I sent email to HP, and they said


> Hewlett-Packard does not provide a printing solution
> to utilize the HP LaserJet 1100 Series printer with a
> Macintosh computer or as a PostScript printer.  There
> is no PostScript (TM) upgrade kit available for this
> ...



*Great.*  So I have a printer, and I can connect it to my Mac, and OS X even says "Yep, it's a LaserJet 1100".  But I can't print to it. (I tried on my roommie's iMac)

Anyone know of third party vendors so I can use my printer?

(crickets chirping.....)

Hello?  Anyone read this thread....?


----------



## nkuvu (Apr 15, 2002)

Feels kinda silly responding to my own post.  Did I just not give it a catchy enough title?  Next time it will be something like "Find out how you can make up to $63,292 _per week_!!!!"  

I really want to be able to print.  I have the connection (USB, o course).  I have the comptuer (flat panel iMac).  I have the printer.  I need a driver (or some third party software which can talk to the LaserJet).


Does _anyone_ have _any_ ideas on how to go about this?

Heck, I'll send a dollar to the first person who responds with useful information...


----------



## phatsharpie (Apr 15, 2002)

http://www.strydent.com/products/powerprint/usb.htm

I know plenty of people used to us this for printing to PC printers, but I don't think it's carbonized for OS X.

Good luck!

-B


----------



## nkuvu (Apr 15, 2002)

Thanks for the reply, but this is preventing me from using PowerPrint:


> Q - Will my native OS X applications print with my PowerPrint that is running in the "Classic" mode?
> A - No, PowerPrint in "Classic" mode will not be able to print your OS X-native applications.


And since all of the apps that I would be printing with are OS X native, no printing for you!


----------



## alexrd (Apr 15, 2002)

If you are reasonably comfortable on the command line, you could try using the ghostscript drivers. Basically, this printer, as an HP product, expects input as PCL4.0 (the 4.0 version of HP's page description language).

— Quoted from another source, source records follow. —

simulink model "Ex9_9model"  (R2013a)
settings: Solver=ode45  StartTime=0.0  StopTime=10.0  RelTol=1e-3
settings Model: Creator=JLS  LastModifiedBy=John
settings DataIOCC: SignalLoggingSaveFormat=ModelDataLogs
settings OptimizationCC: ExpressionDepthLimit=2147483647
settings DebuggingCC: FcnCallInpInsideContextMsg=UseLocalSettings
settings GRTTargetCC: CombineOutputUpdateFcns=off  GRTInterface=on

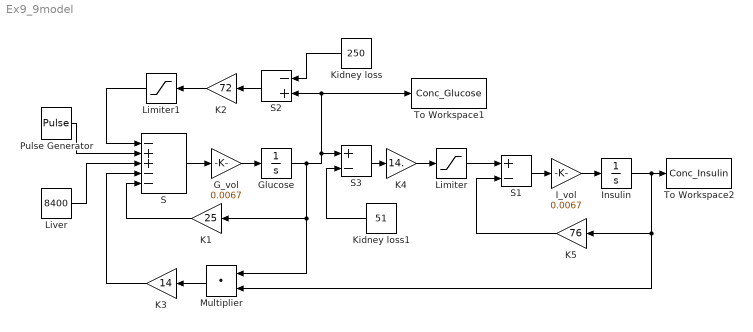
== system Ex9_9model ==
  G_vol : Gain  Gain=0.0067
  Glucose : Integrator  InitialCondition=81
  I_vol : Gain  Gain=0.0067
  Insulin : Integrator  InitialCondition=5.66
  K1 : Gain  Gain=25
  "K2 " : Gain  Gain=72
  K3 : Gain  Gain=14
  K4 : Gain  Gain=14.
  K5 : Gain  Gain=76
  Kidney loss : Constant  Value=250
  Kidney loss1 : Constant  Value=51
  Limiter : Saturate  UpperLimit=10000  LowerLimit=0
  Limiter1 : Saturate  UpperLimit=10000  LowerLimit=0
  Liver : Constant  Value=8400
  Multiplier : DotProduct  InputSameDT=on  OutDataTypeStr=Inherit: Inherit via internal rule
  Pulse Generator : DiscretePulseGenerator  PulseType=Time based  Amplitude=80000  Period=20  PulseWidth=2.5  PhaseDelay=1
  S : Sum  Inputs=-++--
  S1 : Sum  Inputs=+-
  S2 : Sum  Inputs=-+
  S3 : Sum  Inputs=+-
  To Workspace1 : ToWorkspace  VariableName=Conc_Glucose  SampleTime=-1
  To Workspace2 : ToWorkspace  VariableName=Conc_Insulin  SampleTime=-1
  wires:
  K4/1 -> Limiter/1
  Limiter/1 -> S1/1
  Insulin/1 -> To Workspace2/1, K5/1, Multiplier/2
  K5/1 -> S1/2
  Glucose/1 -> K1/1, Multiplier/1, S3/1, To Workspace1/1, S2/2
  K1/1 -> S/5
  Pulse Generator/1 -> S/2
  Liver/1 -> S/3
  K3/1 -> S/4
  Multiplier/1 -> K3/1
  "K2 "/1 -> Limiter1/1
  Limiter1/1 -> S/1
  G_vol/1 -> Glucose/1
  S/1 -> G_vol/1
  I_vol/1 -> Insulin/1
  S1/1 -> I_vol/1
  S2/1 -> "K2 "/1
  Kidney loss/1 -> S2/1
  S3/1 -> K4/1
  Kidney loss1/1 -> S3/2

Ghostscript is a free postscript emulator that also acts as a RIP between various PDL's (in this case, from postscript to PCL4)
There are three basic tools you need: lpd, the printing daemon, which ships with OSX and is configured through netinfo (ie, if you edit your /etc/printcap file, you'll need to do an niload)
ghostscript: already discussed.
Finally, you'll need a magic filter program (not strictly true; you can write a filter yourself, but it's a pain). A filter is a line in your printcap file that determines how to handle different file formats and how to translate them into your printer's PDL. The two big ones out there are apsfilter and magicfilter

Ghostscript is available through fink, as to the filters... they're not, but they should be fairly easy to build (especially magicfilter).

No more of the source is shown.